In order to prevent corresponding vibration and noise emissions, it is necessary to examine machine parts and the entire machine for natural frequencies. Standards such as ISO 10816 or DIN 4150 define allowable vibration values for machines and their surroundings.
Natural frequencies can be determined by two measurement methods:
Ideally, all excitation frequencies are generated at the same time and natural frequencies are visible over a wide frequency range. In addition, qualitative parameters such as dynamic stiffness can be obtained from the transfer function.
The excitation can take place from the outside, for example with a tunable shaker exciter. However, the machine itself can also act as exciter, e. g. due to unbalance-conditioned vibrations, which always occur at the current speed. This is the principle of run-up analysis. The machine is operated in run-up or run-down mode and the vibrations are displayed at rotational speed. For example, the optimum operating point can be found. This technology is naturally limited to the speed range of the machine. Such analyses can be performed with the InnoAnalyzer Speed for tracking analysis or the InnoAnalyzer 3D for waterfall representation.
Let's start with the impact test on a component. The principle is to measure both the force impact induced by a pulse hammer into the component and the response of the system. The ratio of the response signal to the applied force is called the transfer function or frequency response function.
A force shock theoretically contains all frequencies. The frequency range is practically influenced by the choice of the hammer tip. As shown, a hard tip produces the largest frequency range up to several kHz. The softer tips reduce the range to a few hundred Hz and are therefore particularly suitable for excitation of low frequencies, as the energy content of the impact is distributed over a smaller range. For this example we use a medium hard tip.
The best way to measure the transfer function is to use the coupling between InnoScope and InnoAnalyzer. In this way, the time signals of the impact and the response as well as the resulting transfer function can be displayed and triggered together.
In the InnoAnalyzer, the mode "Frequency response function" is already preselected. Different ratios can be formed from both signals depending on whether the acceleration, velocity or displacement signal is used. . We measure the accelerance. This is the ratio of vibration acceleration to force.
Selecting H0 to H4 allows you to change the estimate function, which results in a better signal-to-noise ratio at low signal levels. We use H4 because it is the most accurate method.

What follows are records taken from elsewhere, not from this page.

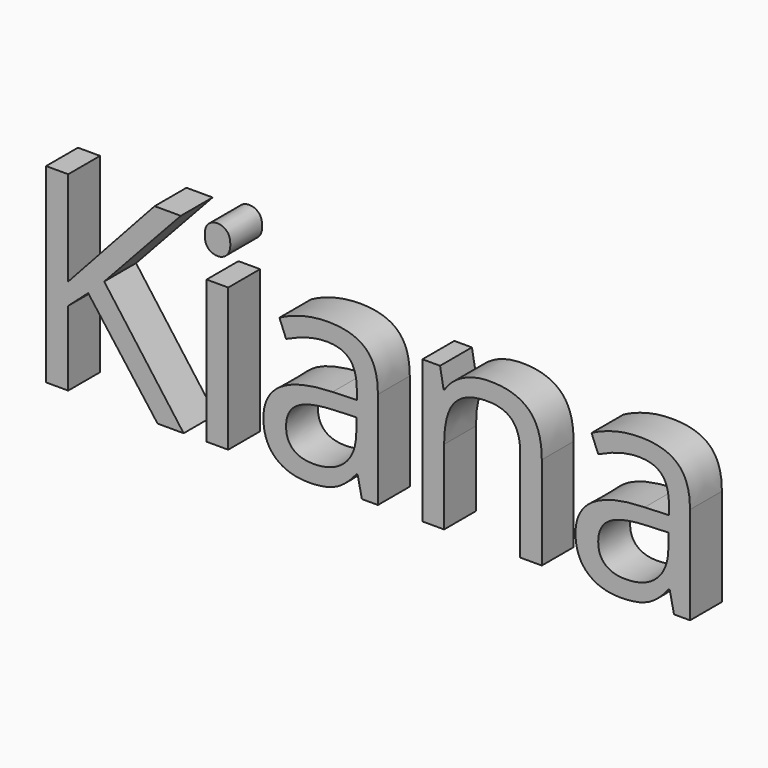
from build123d import *

# Parameters (mm, degrees)
F0_TEXT_SIZE = 170.1855825053
F1_DEPTH     = 25.4


# Not quite as in the source:
# - Text() gives the source's letters only with a copy of the font that has no kerning and outlines rounded to 1/6400 em; it was checked with that copy


with BuildPart() as f1:
    # F0 (on Front) → F1 (new body)
    with BuildSketch(Plane.XZ):
        with Locations((-74.1492062807, -59.1581985354)):
            Text('Kiana', F0_TEXT_SIZE, font='Open Sans', text_align=(TextAlign.LEFT, TextAlign.BOTTOM))
    extrude(amount=F1_DEPTH)


solid = f1.part

The time window depends on the trigger times, it is recommended to use a rectangular window for impact tests. Furthermore, we perform an averaging over 3 impacts and use the logarithmic representation of the y-axis.
Machines must have a suitable placement. We want to investigate this using a model machine. A distinction is made between rigid installation, where the excitation frequency is below the natural frequency of the installation and flexible installation, where the excitation frequency is above the natural frequency of the installation. These two operating states are also referred to as subcritical and supercritical.
If a natural frequency is crossed, this is shown by characteristic features: The amplitude is maximized in the eigenfrequency and the phase has a 180° change.
The force impact and the subsequent oscillation of the component are clearly visible during the impact. The averaging smoothes out the transfer function. At 800 Hz and 2500 Hz strong oscillations can be seen in the curve, these are the component's natural frequencies. In addition, qualitative statements can be made about the transfer behaviour.
Practically, we demonstrate this with the InnoAnalyzer Speed on the model machine, which was initially set up in a soft position. The displayed run-up has a maximum at 12 Hz, this is the strongest natural frequency in measuring direction. The distinct phase change is clearly visible. Other natural frequencies of the setup can also be easily identified by the phase change.
The InnoAnalyzer 3D instrument allows waterfall representations, i. e. the sequential representation of frequency analyses. In the run-up shown here, the increasing rotational frequency and its higher orders are seen as diagonal lines. In addition, the natural frequencies of the setup are shown as straight lines above the frequency. When the rotational frequency enters the range of the natural frequency, the first order is increased because of resonance.
The placement is usually tuned in such a way that the operating frequency is at least three times the natural frequency. With this installation, the model machine can be operated at a minimum of 60 Hz.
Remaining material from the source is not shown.